За то, что опыт их был таким, а не другим, миллионы людей сложили головы. Те, кто сидел в «джипах», и «доджах», мало что об этом знали. Им страшно повезло, и мы не могли им этого забыть. Хотя и винить их как будто не за что. О немцах, их жестокости, военной ожесточенности американцы знали не с чужих слов. Они ведь сами воевали на этих лучших европейских землях, на лучших европейских автострадах. У них был собственный воинский опыт, и именно это делало непонимание почти непреодолимым. Мы были участниками одной и той же войны. Но их война лишь отдаленно напоминала нашу. Нам казалось, что страх смерти, который испытали они, легче всего сравнить с испугом. Они не знали других его лиц. Голодного удушья, истощения унижением, непосильным трудом. Не знали того, о чем рассказать можно только тому, кто сам это испытал. Ведь пропустивший обед говорит о себе: «Я голоден». А проработавший сверхсрочно час: «Я устал». И спорить бесполезно. Собственный опыт несомненнее всякого другого.
Мы сразу заметили, как много места они занимают в пространстве. А они, должно быть, поразились, нашей изможденности. Но, может, худобу они невольно отнесли к нашим природным качествам. Ведь, честно говоря, нам самим уже трудно было представить себе, какими мы были.
У каждого нашего истощения была своя история, свое лицо, свои гибельные этапы. Мы сами не понимали, как уцелели на каждом из них. Что же об этом можно рассказать тем, кто их не прошел?
Сорок первый год поделил нашу жизнь на довоенную и военную. Наша память долго цеплялась за то, что было до войны. Но и это прошло. Теперь помнили только войну. Раньше довоенная память спасала. Теперь стала источником страхов, Встретимся ли в послевоенной жизни с родными и близкими, найдем их здоровыми или искалеченными?
Дома американцев были целы, родные в безопасности. Тем американским солдатам, кто уже избежал тяжелого ранения, не было оснований делить свою жизнь на довоенную и военную. Они были здоровы. Война не успела стать для них жизнью. Мы же, в лучшем случае, были выздоравливающими. И нам бы не выжить, если бы война со всеми ее законами давно не стала нашей жизнью.

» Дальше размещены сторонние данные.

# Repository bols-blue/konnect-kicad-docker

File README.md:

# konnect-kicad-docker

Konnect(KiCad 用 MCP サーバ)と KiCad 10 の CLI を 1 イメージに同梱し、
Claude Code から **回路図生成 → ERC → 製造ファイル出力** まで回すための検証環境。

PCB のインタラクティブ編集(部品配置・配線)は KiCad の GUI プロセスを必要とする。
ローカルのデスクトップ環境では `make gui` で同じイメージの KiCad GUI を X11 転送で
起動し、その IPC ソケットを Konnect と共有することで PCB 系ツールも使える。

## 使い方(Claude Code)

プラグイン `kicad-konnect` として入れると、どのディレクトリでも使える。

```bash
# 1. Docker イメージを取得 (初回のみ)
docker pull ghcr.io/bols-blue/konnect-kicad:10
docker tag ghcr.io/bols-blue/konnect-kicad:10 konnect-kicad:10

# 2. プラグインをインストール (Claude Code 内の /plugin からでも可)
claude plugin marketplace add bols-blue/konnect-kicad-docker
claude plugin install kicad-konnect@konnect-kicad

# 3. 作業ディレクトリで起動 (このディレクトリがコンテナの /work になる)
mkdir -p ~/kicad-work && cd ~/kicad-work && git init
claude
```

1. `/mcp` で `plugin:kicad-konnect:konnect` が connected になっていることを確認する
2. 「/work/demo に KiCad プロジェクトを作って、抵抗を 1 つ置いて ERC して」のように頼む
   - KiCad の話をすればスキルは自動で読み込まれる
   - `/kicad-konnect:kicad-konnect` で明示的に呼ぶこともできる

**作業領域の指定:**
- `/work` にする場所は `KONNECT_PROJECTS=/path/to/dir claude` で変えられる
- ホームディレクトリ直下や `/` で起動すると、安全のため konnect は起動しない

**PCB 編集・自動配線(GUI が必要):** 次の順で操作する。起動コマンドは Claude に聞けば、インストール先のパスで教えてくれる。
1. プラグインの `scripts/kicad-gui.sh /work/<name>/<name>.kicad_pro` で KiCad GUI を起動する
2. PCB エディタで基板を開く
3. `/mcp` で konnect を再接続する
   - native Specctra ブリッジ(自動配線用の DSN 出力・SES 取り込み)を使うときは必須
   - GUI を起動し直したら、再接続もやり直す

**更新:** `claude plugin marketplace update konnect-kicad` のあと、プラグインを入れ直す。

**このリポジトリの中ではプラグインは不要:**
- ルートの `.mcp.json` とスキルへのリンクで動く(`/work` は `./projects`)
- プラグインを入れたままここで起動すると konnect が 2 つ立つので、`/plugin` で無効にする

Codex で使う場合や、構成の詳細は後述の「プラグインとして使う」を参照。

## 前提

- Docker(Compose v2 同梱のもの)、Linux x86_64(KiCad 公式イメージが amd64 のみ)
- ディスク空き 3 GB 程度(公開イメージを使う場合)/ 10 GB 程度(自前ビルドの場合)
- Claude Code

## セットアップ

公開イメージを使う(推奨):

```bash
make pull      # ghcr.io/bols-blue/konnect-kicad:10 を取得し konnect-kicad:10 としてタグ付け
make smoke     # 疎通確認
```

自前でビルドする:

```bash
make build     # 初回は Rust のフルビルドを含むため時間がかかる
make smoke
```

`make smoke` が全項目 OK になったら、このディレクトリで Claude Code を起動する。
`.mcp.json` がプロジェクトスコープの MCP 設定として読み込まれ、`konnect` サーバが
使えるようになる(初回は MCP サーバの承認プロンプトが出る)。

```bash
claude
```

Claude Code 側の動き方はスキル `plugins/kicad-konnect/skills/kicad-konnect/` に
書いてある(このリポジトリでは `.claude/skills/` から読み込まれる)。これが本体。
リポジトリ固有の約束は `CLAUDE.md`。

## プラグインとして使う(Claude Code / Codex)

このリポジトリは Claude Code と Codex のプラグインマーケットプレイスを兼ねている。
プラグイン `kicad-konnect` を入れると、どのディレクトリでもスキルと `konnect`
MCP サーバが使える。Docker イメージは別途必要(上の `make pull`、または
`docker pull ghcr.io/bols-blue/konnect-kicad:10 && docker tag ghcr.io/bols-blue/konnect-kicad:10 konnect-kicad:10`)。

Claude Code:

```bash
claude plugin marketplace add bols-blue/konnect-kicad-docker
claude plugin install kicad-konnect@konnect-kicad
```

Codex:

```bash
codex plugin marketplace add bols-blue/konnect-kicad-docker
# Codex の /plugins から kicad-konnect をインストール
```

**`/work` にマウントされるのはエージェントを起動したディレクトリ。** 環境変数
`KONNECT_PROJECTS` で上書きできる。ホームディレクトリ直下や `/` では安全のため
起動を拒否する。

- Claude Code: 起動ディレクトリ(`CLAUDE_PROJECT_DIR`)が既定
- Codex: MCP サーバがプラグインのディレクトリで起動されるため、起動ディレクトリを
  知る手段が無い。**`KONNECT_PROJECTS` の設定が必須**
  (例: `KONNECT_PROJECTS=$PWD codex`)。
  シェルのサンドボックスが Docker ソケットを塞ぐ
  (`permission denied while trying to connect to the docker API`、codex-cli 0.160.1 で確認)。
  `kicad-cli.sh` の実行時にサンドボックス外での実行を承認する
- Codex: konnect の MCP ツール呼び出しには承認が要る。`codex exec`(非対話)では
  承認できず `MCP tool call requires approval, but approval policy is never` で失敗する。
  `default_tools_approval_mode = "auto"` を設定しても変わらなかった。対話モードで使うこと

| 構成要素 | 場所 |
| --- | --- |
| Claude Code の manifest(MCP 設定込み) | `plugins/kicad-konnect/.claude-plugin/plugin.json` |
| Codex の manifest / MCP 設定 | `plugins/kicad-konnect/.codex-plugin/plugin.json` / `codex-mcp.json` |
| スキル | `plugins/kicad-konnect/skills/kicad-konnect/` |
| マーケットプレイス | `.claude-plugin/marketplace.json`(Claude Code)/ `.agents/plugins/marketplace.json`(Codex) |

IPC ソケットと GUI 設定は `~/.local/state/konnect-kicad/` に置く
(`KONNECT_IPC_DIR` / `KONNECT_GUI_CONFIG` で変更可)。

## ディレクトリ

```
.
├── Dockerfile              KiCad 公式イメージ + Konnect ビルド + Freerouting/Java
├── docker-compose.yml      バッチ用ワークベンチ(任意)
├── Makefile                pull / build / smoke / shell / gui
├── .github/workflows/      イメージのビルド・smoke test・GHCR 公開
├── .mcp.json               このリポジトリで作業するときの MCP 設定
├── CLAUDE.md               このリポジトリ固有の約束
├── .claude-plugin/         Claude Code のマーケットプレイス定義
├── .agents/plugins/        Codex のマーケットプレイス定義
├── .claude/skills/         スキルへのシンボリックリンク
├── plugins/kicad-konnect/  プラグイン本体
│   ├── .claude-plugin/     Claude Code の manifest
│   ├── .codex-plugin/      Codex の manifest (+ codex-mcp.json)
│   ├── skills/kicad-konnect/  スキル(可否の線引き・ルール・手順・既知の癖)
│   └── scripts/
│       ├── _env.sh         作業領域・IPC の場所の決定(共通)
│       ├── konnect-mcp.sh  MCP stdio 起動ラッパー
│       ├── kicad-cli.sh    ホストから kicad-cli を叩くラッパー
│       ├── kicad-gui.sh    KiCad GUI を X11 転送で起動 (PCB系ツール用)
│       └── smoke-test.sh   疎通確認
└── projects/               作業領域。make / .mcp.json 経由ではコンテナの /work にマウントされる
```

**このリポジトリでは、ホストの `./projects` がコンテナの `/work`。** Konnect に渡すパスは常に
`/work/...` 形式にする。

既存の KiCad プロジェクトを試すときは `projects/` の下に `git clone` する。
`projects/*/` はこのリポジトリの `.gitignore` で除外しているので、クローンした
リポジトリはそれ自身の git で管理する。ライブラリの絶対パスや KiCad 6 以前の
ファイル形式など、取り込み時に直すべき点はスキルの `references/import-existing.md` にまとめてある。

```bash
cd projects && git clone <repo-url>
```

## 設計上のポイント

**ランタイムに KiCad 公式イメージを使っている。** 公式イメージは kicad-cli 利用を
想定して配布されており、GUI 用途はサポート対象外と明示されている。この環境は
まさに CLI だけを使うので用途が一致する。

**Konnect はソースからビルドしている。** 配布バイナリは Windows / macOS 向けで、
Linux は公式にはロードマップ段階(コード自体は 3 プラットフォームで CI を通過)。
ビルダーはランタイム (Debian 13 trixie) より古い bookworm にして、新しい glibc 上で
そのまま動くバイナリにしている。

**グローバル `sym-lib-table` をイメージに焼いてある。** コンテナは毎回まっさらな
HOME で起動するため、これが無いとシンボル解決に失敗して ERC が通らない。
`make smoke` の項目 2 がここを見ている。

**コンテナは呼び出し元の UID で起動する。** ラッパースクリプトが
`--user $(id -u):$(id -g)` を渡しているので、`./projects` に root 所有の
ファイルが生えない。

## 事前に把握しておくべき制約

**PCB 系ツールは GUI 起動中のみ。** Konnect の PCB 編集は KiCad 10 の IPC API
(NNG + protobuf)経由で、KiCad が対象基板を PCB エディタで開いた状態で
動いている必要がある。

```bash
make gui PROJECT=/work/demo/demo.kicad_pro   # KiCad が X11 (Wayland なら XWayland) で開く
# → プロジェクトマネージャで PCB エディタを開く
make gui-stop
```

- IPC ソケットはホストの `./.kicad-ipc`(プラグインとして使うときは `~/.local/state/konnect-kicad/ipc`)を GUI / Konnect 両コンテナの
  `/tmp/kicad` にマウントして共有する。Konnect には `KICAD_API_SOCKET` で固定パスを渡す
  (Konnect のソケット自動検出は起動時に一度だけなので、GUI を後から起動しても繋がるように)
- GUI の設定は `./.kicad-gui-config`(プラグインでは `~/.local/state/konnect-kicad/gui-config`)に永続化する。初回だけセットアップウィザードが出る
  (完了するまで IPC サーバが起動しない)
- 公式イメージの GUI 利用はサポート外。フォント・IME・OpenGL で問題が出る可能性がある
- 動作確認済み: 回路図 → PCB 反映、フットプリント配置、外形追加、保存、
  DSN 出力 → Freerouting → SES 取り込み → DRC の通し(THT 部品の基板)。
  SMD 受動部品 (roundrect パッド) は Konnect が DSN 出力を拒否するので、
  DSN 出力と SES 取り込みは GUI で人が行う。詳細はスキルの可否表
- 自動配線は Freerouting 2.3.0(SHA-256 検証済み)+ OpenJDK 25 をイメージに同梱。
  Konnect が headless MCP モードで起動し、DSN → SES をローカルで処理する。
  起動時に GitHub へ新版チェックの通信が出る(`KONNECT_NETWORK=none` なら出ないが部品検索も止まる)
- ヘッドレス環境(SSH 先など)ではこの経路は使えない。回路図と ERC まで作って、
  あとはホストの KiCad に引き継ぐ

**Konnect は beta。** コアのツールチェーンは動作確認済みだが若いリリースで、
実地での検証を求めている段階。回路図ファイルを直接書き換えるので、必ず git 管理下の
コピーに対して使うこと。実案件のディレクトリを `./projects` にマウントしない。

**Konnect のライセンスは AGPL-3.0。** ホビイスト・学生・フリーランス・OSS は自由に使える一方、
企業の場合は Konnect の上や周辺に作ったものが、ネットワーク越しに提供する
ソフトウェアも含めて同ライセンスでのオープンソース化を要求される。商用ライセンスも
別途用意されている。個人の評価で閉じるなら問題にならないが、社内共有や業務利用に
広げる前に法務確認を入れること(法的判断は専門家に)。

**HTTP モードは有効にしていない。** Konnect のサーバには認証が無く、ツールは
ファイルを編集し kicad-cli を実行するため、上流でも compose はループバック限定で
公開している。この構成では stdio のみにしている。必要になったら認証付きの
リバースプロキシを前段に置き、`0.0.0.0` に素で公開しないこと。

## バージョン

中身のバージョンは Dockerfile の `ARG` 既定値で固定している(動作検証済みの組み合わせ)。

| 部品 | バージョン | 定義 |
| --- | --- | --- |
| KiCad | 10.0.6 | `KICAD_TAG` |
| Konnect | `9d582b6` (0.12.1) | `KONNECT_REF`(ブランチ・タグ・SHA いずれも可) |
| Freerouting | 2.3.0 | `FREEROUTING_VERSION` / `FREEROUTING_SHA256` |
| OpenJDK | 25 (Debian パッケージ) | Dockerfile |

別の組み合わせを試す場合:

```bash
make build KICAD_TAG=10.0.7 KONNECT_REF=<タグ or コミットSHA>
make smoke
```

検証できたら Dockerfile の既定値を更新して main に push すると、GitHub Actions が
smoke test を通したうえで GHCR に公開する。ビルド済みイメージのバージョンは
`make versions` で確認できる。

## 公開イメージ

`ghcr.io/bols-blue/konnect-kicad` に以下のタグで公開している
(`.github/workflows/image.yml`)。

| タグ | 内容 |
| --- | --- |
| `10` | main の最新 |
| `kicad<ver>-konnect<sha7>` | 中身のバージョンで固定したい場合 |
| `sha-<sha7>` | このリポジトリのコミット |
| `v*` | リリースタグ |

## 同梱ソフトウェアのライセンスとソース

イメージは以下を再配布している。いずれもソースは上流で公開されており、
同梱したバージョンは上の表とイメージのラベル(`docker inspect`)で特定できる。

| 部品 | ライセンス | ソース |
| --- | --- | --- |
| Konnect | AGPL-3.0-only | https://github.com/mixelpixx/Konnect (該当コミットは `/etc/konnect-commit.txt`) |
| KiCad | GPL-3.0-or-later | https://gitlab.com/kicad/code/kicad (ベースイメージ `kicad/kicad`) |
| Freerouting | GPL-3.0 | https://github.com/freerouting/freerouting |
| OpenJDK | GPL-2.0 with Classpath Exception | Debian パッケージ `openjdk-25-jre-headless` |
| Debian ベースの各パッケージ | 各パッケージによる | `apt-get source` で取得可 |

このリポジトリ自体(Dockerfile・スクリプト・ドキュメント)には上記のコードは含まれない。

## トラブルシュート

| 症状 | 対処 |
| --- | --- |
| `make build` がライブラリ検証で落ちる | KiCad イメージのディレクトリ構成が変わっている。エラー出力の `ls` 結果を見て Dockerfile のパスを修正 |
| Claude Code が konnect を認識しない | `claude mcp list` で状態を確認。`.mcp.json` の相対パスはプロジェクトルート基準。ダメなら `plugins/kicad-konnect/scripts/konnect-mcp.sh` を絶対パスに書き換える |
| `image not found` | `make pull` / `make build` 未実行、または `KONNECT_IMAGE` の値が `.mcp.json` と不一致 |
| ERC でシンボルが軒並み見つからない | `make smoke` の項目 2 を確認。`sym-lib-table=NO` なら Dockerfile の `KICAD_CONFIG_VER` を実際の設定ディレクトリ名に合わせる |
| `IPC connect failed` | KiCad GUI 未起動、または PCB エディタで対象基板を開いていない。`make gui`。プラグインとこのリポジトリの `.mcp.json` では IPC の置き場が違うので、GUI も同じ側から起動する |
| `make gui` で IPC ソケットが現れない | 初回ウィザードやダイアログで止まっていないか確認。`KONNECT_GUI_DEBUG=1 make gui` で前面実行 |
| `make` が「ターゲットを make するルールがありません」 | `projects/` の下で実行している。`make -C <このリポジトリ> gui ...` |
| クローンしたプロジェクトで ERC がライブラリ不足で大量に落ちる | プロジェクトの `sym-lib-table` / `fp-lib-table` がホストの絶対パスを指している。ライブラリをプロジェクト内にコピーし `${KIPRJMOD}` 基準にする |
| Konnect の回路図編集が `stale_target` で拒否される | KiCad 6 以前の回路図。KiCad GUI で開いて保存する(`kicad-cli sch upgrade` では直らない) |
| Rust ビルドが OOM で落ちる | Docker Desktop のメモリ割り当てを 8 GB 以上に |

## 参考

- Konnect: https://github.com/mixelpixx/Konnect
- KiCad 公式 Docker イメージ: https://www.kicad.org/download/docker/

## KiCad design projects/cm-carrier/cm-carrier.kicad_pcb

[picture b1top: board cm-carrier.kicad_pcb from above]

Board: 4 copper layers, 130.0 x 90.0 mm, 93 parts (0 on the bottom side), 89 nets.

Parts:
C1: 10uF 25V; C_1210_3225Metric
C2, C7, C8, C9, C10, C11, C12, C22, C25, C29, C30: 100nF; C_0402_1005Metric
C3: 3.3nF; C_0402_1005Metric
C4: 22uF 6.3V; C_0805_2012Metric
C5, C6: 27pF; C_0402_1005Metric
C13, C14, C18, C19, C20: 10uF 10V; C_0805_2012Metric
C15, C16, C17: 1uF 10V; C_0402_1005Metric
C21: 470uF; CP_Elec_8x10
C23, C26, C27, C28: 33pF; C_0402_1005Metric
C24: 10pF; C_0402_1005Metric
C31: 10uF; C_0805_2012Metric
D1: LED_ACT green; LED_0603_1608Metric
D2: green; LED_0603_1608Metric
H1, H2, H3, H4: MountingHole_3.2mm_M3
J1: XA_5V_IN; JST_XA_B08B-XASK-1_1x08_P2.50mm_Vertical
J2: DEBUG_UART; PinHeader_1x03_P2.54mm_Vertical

Из той глубины, где о тебе говорят «Не жилец!», мы смотрели на американцев, приехавших спасать нашего лагерфюрера. Впрочем, может, мы и не сознавали этой глубины, а чувствовали только ревность к здоровью, размерам, сытости. Лагерфюрер тоже был сыт и чисто одет. И мы догадывались: подобное тянется к подобному.
Ревность тоже усиливала жажду возмездия.
Мы видели мускулистую массивность эмпи. Их неуязвленность невзгодами, которые так хорошо были знакомы нам. Их готовность защищать немцев от нас. Союзническое равнодушие. И не ценили, что нас как бы попросту разводят с немцами. Ведь нам не было сделано никакого внушения.
Когда хлеб подходил к концу, кто-то сказал, что на опушке леса видел оленей. И лес, и олени (если эти звери — олени) были помещичьей собственностью. Помещичий дом был на той же поляне, где мы залегли с винтовкой.
Лес был небольшой рощей, а поляна примыкала к шоссейной дороге, так что все наши охотничьи приготовления были сразу замечены.
Пальбу мы открыли, когда убедились, что два желтых пятна, действительно появившихся на опушке, больше не приближаются к нам. Стрелял Петрович, настроивший прицельную рамку на довольно большое расстояние.
Когда пристально следишь за целью, улавливаешь и движение пули. Оказывается, глаз способен проследить и за таким движением. Особенно если расстояние велико.